Anyone who walks in the Highlands will have stumbled on the legacy of General Wade and his name against ghost-roads criss-crossing the map. As the bus driver noted, this ‘Hannibal of the Highlands’ is sometimes credited for military roads built after he’d left Scotland in 1737, and even before then, Caulfeild may have done much of the work. Part of a strategy to mobilise troops and supplies between forts and barracks in response to the first Jacobite uprising in 1715, Wade’s roads crossed a high country which at that time only had soft muddy ways created by drovers or other commercial traffic. The roads were built in record time. Between 1725 and 1733, Wade supervised soldiers working in groups of a hundred to build about 250 miles of roads and 40 bridges. The irony was that in due course the roads allowed the Jacobites to move quickly north towards Culloden in 1746.

Crieff to Aberfeldy is one of the few significant stretches (excluding the marvellous Corrieyairack Pass) that requires only short stretches of road walking, providing you are willing to wade heather and bog-hop here and there. Although it travels through relatively unspectacular landscape, it was thrilling for me because of a sense of discovery. I’d crossed Crieff golf course, wriggled a route behind The Knock, and there it was climbing across a field from the Gilmerton-Monzie lane towards the A822: my first short stretch of ‘authentic’ Wade’s Road. It’s made distinct by a low bed 16 feet wide running between parallel bouldered banks. This stretch is also marked by a line of mature oaks.

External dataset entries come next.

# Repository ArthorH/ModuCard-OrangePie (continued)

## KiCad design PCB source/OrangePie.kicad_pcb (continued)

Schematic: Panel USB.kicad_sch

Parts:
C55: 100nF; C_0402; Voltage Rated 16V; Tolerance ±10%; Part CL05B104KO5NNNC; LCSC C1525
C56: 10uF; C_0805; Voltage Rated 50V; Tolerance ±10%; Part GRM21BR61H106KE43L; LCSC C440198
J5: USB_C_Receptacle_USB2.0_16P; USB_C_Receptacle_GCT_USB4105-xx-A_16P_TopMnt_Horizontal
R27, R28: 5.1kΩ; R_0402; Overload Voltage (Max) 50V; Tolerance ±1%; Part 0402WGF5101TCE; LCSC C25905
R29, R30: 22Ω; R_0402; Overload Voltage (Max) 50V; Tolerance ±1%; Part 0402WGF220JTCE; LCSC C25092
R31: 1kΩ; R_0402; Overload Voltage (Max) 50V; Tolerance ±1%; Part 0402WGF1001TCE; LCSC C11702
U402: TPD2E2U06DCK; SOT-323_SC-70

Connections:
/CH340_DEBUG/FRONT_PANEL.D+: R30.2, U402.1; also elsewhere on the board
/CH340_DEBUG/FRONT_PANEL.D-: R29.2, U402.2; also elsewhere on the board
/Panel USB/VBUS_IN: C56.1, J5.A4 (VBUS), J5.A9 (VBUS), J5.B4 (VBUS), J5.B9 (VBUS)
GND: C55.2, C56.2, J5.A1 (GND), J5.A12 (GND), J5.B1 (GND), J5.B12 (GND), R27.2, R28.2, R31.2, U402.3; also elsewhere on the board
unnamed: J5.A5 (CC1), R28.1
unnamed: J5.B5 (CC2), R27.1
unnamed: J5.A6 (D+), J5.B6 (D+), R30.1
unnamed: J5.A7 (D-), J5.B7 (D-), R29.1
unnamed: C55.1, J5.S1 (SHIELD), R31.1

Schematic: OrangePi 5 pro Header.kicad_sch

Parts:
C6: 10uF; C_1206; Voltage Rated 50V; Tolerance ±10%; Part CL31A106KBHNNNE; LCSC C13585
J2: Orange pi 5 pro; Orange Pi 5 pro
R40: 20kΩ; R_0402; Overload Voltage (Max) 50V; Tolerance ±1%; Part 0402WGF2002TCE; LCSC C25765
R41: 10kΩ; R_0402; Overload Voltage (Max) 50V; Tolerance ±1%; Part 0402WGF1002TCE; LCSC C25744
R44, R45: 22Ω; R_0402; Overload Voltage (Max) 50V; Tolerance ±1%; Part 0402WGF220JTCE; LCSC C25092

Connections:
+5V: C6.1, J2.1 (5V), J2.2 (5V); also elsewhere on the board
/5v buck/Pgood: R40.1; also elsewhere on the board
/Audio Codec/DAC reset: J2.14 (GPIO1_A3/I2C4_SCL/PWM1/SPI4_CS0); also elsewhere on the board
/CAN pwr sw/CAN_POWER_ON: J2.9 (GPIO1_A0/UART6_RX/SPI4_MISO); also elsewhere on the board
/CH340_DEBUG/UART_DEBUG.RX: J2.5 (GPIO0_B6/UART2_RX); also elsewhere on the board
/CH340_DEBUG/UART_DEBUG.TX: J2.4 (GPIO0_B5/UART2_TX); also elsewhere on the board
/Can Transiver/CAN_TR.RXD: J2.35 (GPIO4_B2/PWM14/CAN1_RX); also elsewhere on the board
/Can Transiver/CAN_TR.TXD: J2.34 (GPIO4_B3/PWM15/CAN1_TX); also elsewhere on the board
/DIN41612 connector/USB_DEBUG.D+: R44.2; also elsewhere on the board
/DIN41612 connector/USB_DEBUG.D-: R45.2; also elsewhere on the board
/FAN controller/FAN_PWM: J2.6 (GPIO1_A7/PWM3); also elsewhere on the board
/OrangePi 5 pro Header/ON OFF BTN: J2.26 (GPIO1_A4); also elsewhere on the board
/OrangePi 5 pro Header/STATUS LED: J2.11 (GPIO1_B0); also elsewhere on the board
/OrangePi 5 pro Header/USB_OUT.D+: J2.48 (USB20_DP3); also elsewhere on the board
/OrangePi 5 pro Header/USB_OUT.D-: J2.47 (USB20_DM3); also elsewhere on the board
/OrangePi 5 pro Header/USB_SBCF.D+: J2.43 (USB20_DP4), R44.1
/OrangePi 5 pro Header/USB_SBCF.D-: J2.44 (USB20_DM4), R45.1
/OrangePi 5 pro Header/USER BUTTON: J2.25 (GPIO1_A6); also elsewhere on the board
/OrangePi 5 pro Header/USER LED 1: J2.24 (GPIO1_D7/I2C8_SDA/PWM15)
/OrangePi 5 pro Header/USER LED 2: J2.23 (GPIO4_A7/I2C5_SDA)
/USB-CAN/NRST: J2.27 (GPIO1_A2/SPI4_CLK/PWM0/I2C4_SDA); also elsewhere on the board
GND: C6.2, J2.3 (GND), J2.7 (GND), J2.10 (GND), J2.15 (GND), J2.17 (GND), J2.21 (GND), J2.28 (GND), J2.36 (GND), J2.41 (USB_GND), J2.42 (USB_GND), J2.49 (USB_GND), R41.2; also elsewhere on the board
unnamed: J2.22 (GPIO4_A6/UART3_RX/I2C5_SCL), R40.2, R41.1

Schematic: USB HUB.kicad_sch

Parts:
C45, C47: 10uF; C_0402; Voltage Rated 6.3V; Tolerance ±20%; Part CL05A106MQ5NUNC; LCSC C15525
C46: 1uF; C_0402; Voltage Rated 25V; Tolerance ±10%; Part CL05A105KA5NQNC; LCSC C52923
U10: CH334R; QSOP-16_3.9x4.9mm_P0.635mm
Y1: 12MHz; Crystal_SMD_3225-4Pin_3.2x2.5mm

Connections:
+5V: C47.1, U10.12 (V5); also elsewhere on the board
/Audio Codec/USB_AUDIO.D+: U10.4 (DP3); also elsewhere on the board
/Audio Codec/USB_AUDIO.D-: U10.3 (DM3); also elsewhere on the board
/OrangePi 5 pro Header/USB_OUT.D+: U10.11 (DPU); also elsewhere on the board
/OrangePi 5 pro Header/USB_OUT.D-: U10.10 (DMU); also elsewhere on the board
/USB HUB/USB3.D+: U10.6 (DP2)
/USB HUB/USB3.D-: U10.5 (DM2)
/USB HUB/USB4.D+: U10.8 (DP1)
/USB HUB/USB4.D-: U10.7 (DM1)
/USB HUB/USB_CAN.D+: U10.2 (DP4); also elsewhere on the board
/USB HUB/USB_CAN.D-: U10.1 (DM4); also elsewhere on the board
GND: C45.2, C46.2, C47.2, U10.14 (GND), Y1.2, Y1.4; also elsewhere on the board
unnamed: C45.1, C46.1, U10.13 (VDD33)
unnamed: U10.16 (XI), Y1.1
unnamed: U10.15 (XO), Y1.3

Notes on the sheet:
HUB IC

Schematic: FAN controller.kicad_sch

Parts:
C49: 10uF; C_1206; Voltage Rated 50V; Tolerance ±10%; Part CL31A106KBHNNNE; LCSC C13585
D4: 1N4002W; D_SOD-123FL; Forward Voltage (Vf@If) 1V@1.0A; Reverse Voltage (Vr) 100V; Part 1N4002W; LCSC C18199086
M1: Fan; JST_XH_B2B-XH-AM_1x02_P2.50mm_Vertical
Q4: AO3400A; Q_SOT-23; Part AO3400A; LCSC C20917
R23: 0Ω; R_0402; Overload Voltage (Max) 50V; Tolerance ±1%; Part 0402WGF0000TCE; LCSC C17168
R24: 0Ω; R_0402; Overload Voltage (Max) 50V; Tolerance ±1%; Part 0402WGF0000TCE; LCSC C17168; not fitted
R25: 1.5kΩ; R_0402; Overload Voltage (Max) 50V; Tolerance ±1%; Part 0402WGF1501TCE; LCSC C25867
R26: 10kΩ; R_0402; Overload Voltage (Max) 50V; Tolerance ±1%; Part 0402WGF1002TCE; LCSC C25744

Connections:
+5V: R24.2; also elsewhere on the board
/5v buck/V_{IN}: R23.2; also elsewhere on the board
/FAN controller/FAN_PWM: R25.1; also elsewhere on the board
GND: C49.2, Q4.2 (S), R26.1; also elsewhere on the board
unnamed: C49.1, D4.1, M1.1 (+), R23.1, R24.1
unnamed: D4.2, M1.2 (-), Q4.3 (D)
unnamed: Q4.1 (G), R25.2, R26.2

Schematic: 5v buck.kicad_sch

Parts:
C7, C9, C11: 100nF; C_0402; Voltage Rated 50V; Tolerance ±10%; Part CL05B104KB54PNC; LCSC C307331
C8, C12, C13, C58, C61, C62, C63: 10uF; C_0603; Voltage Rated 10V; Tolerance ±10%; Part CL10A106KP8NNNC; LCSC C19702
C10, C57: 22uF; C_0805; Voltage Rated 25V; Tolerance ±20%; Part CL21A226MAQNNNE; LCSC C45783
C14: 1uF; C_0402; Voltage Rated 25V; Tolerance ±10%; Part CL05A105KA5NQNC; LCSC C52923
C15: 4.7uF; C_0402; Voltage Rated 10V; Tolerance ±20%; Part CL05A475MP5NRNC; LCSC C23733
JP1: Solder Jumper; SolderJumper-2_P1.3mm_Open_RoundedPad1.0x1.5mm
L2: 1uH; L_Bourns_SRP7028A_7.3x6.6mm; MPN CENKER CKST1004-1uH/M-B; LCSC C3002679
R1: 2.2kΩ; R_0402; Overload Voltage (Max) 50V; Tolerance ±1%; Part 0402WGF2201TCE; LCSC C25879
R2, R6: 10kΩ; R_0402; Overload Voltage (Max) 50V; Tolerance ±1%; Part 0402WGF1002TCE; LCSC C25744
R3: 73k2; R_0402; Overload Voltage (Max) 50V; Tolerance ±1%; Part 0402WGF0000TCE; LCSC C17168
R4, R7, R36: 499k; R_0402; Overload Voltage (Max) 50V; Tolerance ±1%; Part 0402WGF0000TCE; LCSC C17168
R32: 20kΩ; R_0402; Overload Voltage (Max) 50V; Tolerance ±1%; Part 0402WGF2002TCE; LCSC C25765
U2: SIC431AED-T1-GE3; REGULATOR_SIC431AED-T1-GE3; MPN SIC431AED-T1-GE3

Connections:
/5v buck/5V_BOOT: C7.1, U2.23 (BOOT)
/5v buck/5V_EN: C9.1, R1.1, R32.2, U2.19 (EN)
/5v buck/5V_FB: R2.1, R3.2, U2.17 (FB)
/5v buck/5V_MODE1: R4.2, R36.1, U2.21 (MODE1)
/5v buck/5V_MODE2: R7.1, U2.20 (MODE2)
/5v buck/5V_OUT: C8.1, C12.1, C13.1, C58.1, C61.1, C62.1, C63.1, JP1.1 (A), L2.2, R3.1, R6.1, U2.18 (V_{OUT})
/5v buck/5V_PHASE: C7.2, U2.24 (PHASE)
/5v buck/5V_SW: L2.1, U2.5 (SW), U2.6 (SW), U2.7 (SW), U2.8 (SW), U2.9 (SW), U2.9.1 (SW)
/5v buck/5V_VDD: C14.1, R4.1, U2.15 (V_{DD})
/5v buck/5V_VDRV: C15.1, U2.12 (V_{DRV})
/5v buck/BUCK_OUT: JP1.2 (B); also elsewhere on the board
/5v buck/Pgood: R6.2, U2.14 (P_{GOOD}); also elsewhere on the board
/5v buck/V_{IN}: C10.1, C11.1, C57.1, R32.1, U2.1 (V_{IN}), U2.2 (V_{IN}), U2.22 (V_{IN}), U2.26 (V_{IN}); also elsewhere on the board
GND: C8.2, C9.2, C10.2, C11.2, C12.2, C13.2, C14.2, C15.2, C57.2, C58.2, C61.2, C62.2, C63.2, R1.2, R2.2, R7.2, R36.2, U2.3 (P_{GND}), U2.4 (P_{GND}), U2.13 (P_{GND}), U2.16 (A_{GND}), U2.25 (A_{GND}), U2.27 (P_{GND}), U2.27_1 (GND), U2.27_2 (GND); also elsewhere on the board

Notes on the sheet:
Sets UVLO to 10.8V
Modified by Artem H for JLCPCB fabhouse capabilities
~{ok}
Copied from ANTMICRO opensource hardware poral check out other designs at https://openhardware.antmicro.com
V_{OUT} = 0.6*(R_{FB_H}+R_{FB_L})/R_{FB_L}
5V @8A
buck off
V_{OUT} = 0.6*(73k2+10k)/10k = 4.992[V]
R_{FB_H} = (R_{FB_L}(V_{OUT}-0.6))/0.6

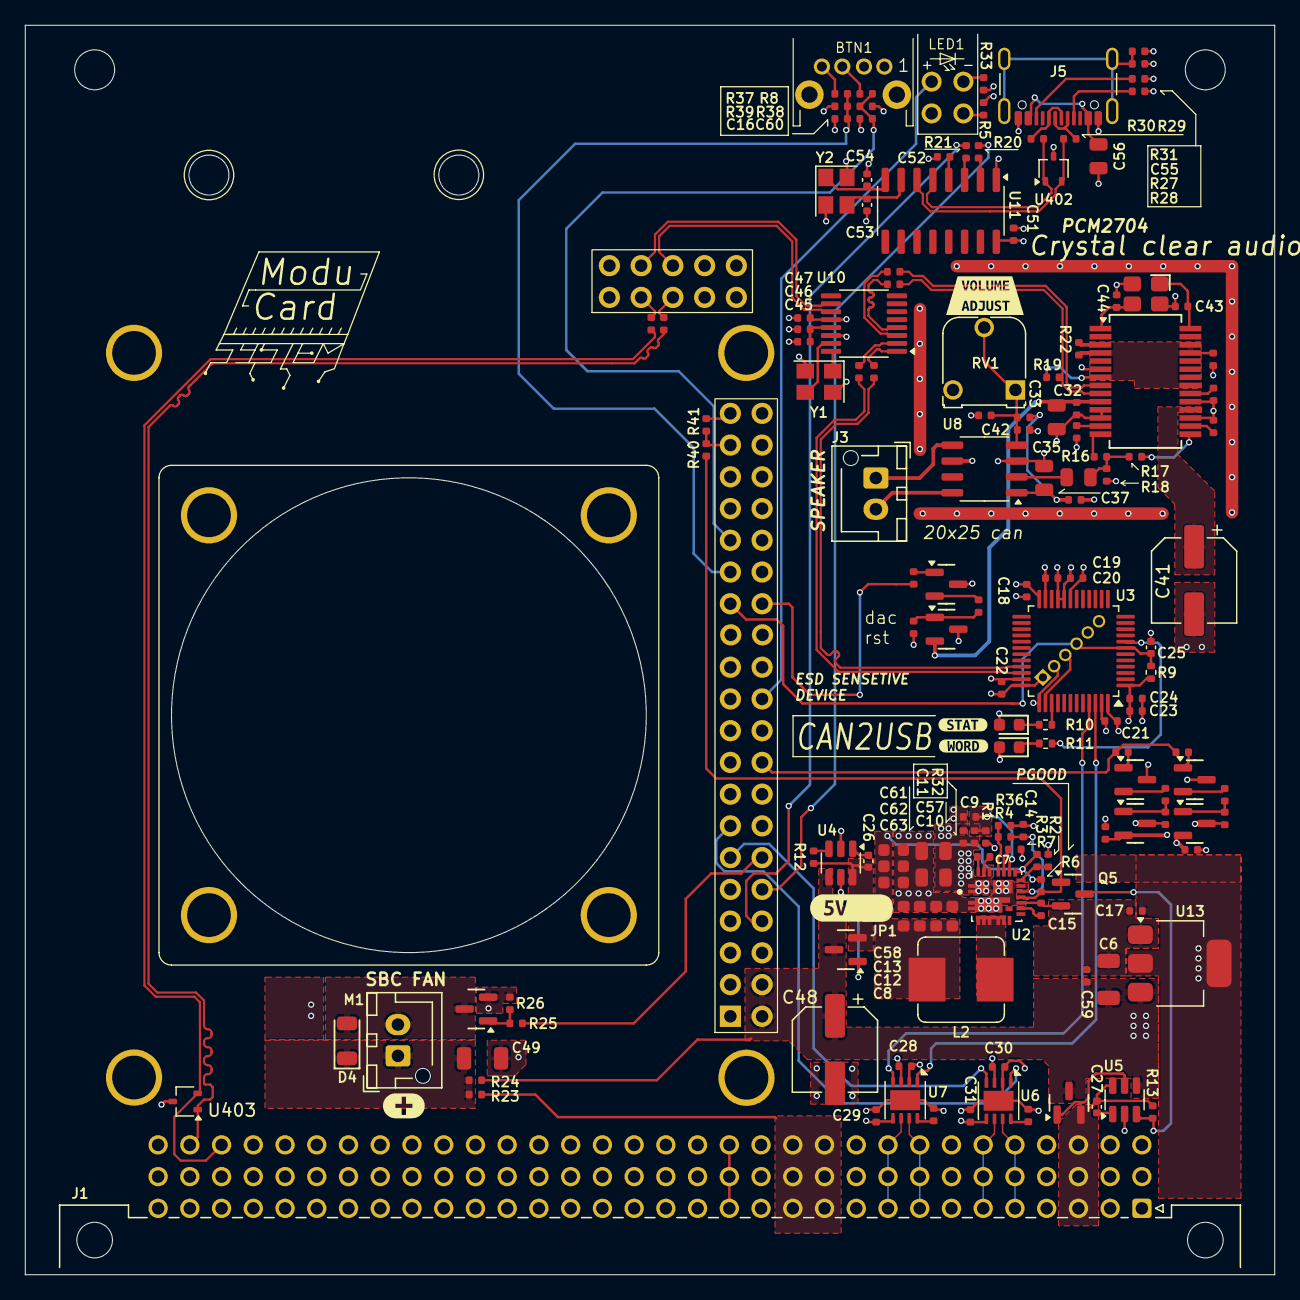
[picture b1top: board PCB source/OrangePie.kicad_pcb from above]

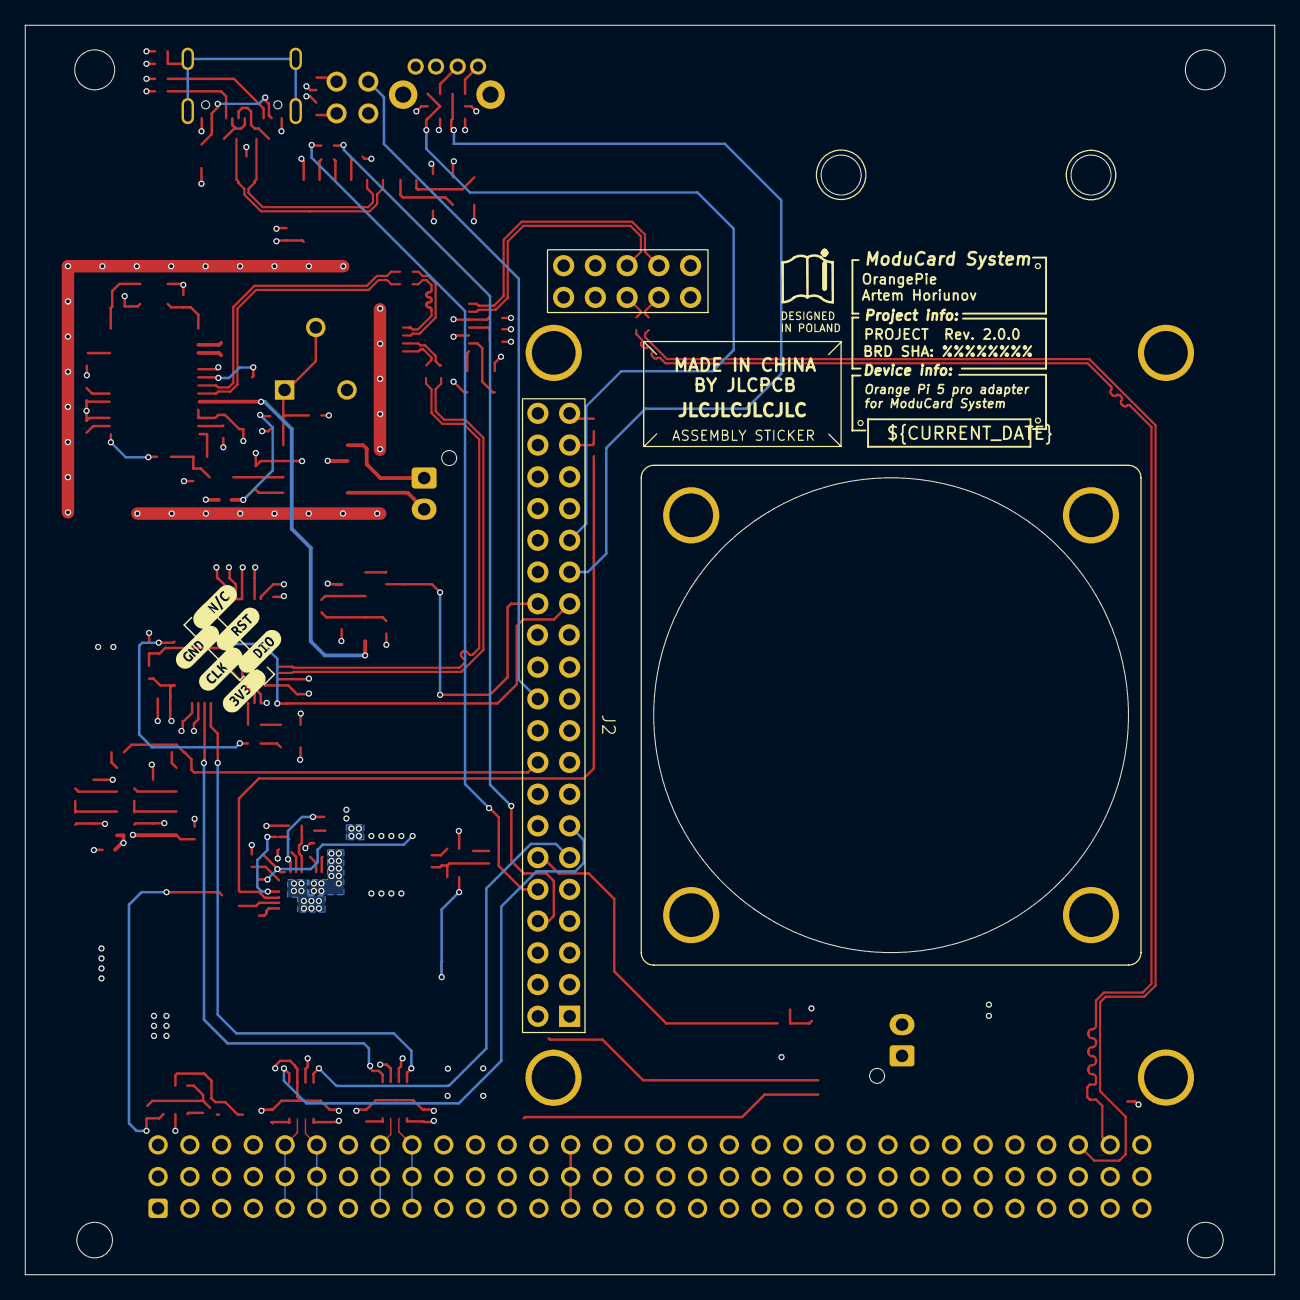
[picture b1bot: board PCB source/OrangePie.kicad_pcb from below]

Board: 4 copper layers, 100.0 x 100.0 mm, 166 parts (8 on the bottom side), 114 nets.

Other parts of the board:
kibuzzard-67B7B9BD: G***; kibuzzard-67B7B9BD
kibuzzard-67B7B9C6: G***; kibuzzard-67B7B9C6
kibuzzard-67B7BB29: G***; kibuzzard-67B7BB29
kibuzzard-67B7BD37: G***; kibuzzard-67B7BD37
kibuzzard-67B7BFDD: G***; kibuzzard-67B7BFDD
kibuzzard-67B7C21F: G***; kibuzzard-67B7C21F
kibuzzard-67B7C241: G***; kibuzzard-67B7C241
kibuzzard-67B62470: G***; kibuzzard-67B62470
kibuzzard-68D4781A: G***; kibuzzard-68D4781A
kibuzzard-68D47809: G***; kibuzzard-68D47809
kibuzzard-68D47811: G***; kibuzzard-68D47811

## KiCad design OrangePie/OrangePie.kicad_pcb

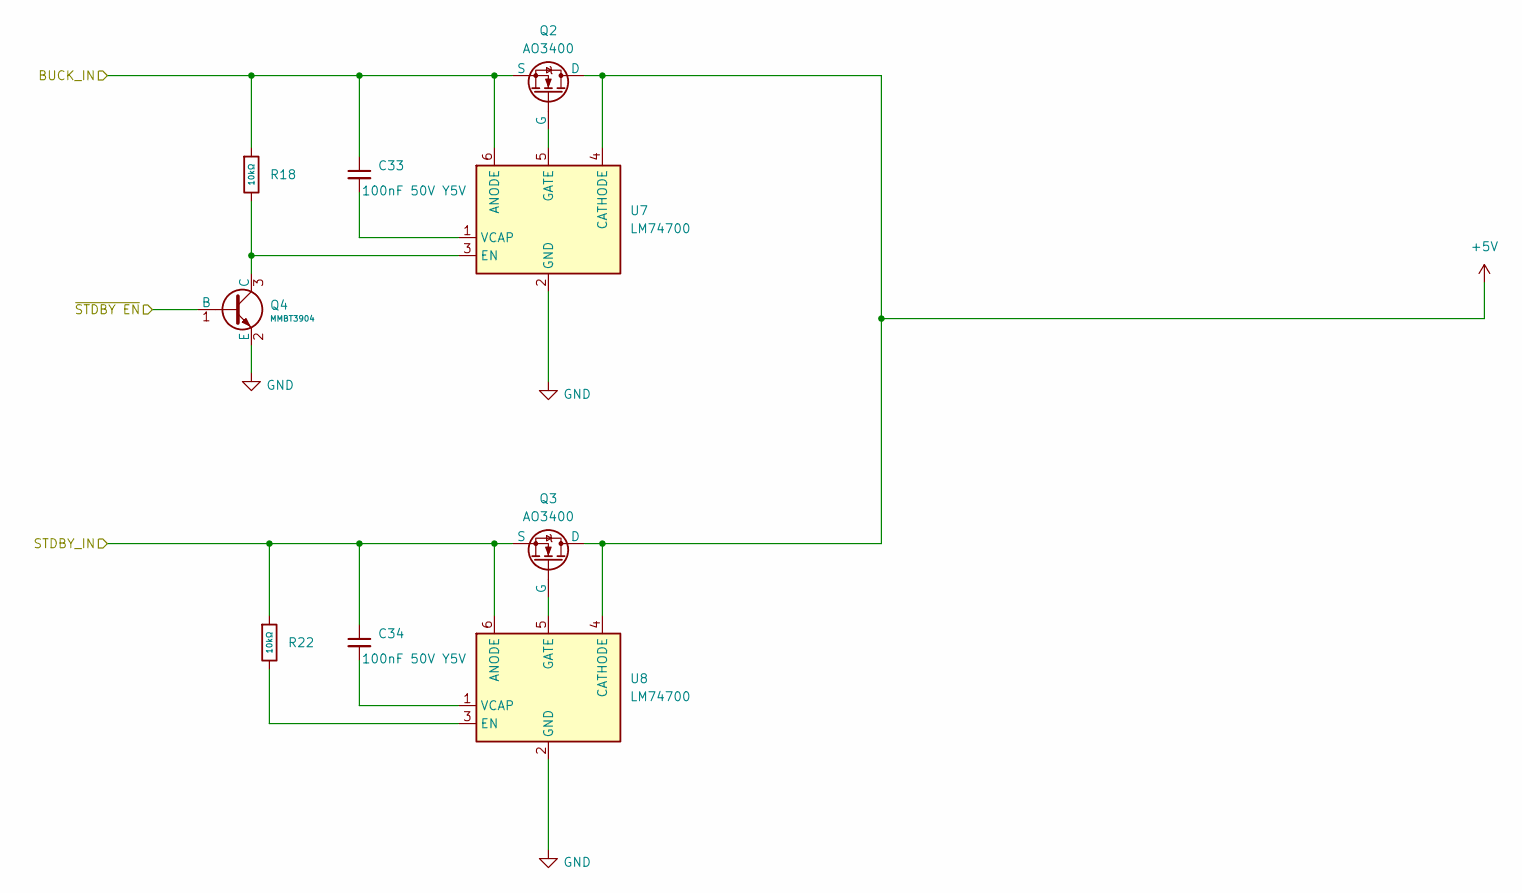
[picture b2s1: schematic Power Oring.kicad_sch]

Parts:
C33, C34: 100nF 50V Y5V; C_0402_1005Metric
Q2, Q3: AO3400; SOT-23
Q4: MMBT3904; Q_SOT-23; Part MMBT3904; LCSC C7420353
R18, R22: 10kΩ; R_0402; Overload Voltage (Max) 50V; Tolerance ±1%; Part 0402WGF1002TCE; LCSC C25744
U7, U8: LM74700; SOT-23-6

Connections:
+5V: Q2.2 (D), Q3.2 (D), U7.4 (CATHODE), U8.4 (CATHODE); also elsewhere on the board
/5v buck/5V_OUT: C33.1, Q2.3 (S), Q4.1 (B), R18.1, U7.6 (ANODE); also elsewhere on the board
GND: Q4.2 (E), U7.2 (GND), U8.2 (GND); also elsewhere on the board
unnamed: Q2.1 (G), U7.5 (GATE)
unnamed: Q3.1 (G), U8.5 (GATE)
unnamed: Q4.3 (C), R18.2, U7.3 (EN)
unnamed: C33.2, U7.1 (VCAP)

On the other side of the A road it resumed in a stone-lined embankment across a plateau of lumpy grassland and sun-slicked rushes. The profile was now unquestionable, broken only where rough moorland has been improved for grazing and enclosed, intermittent boulder piles suggesting where the ordered banks may have ended up. I hadn’t expected it to be so easy to follow and as I picked my way along it, not exactly at the smart pace of a military two-step, my feet felt like archaeological pioneers.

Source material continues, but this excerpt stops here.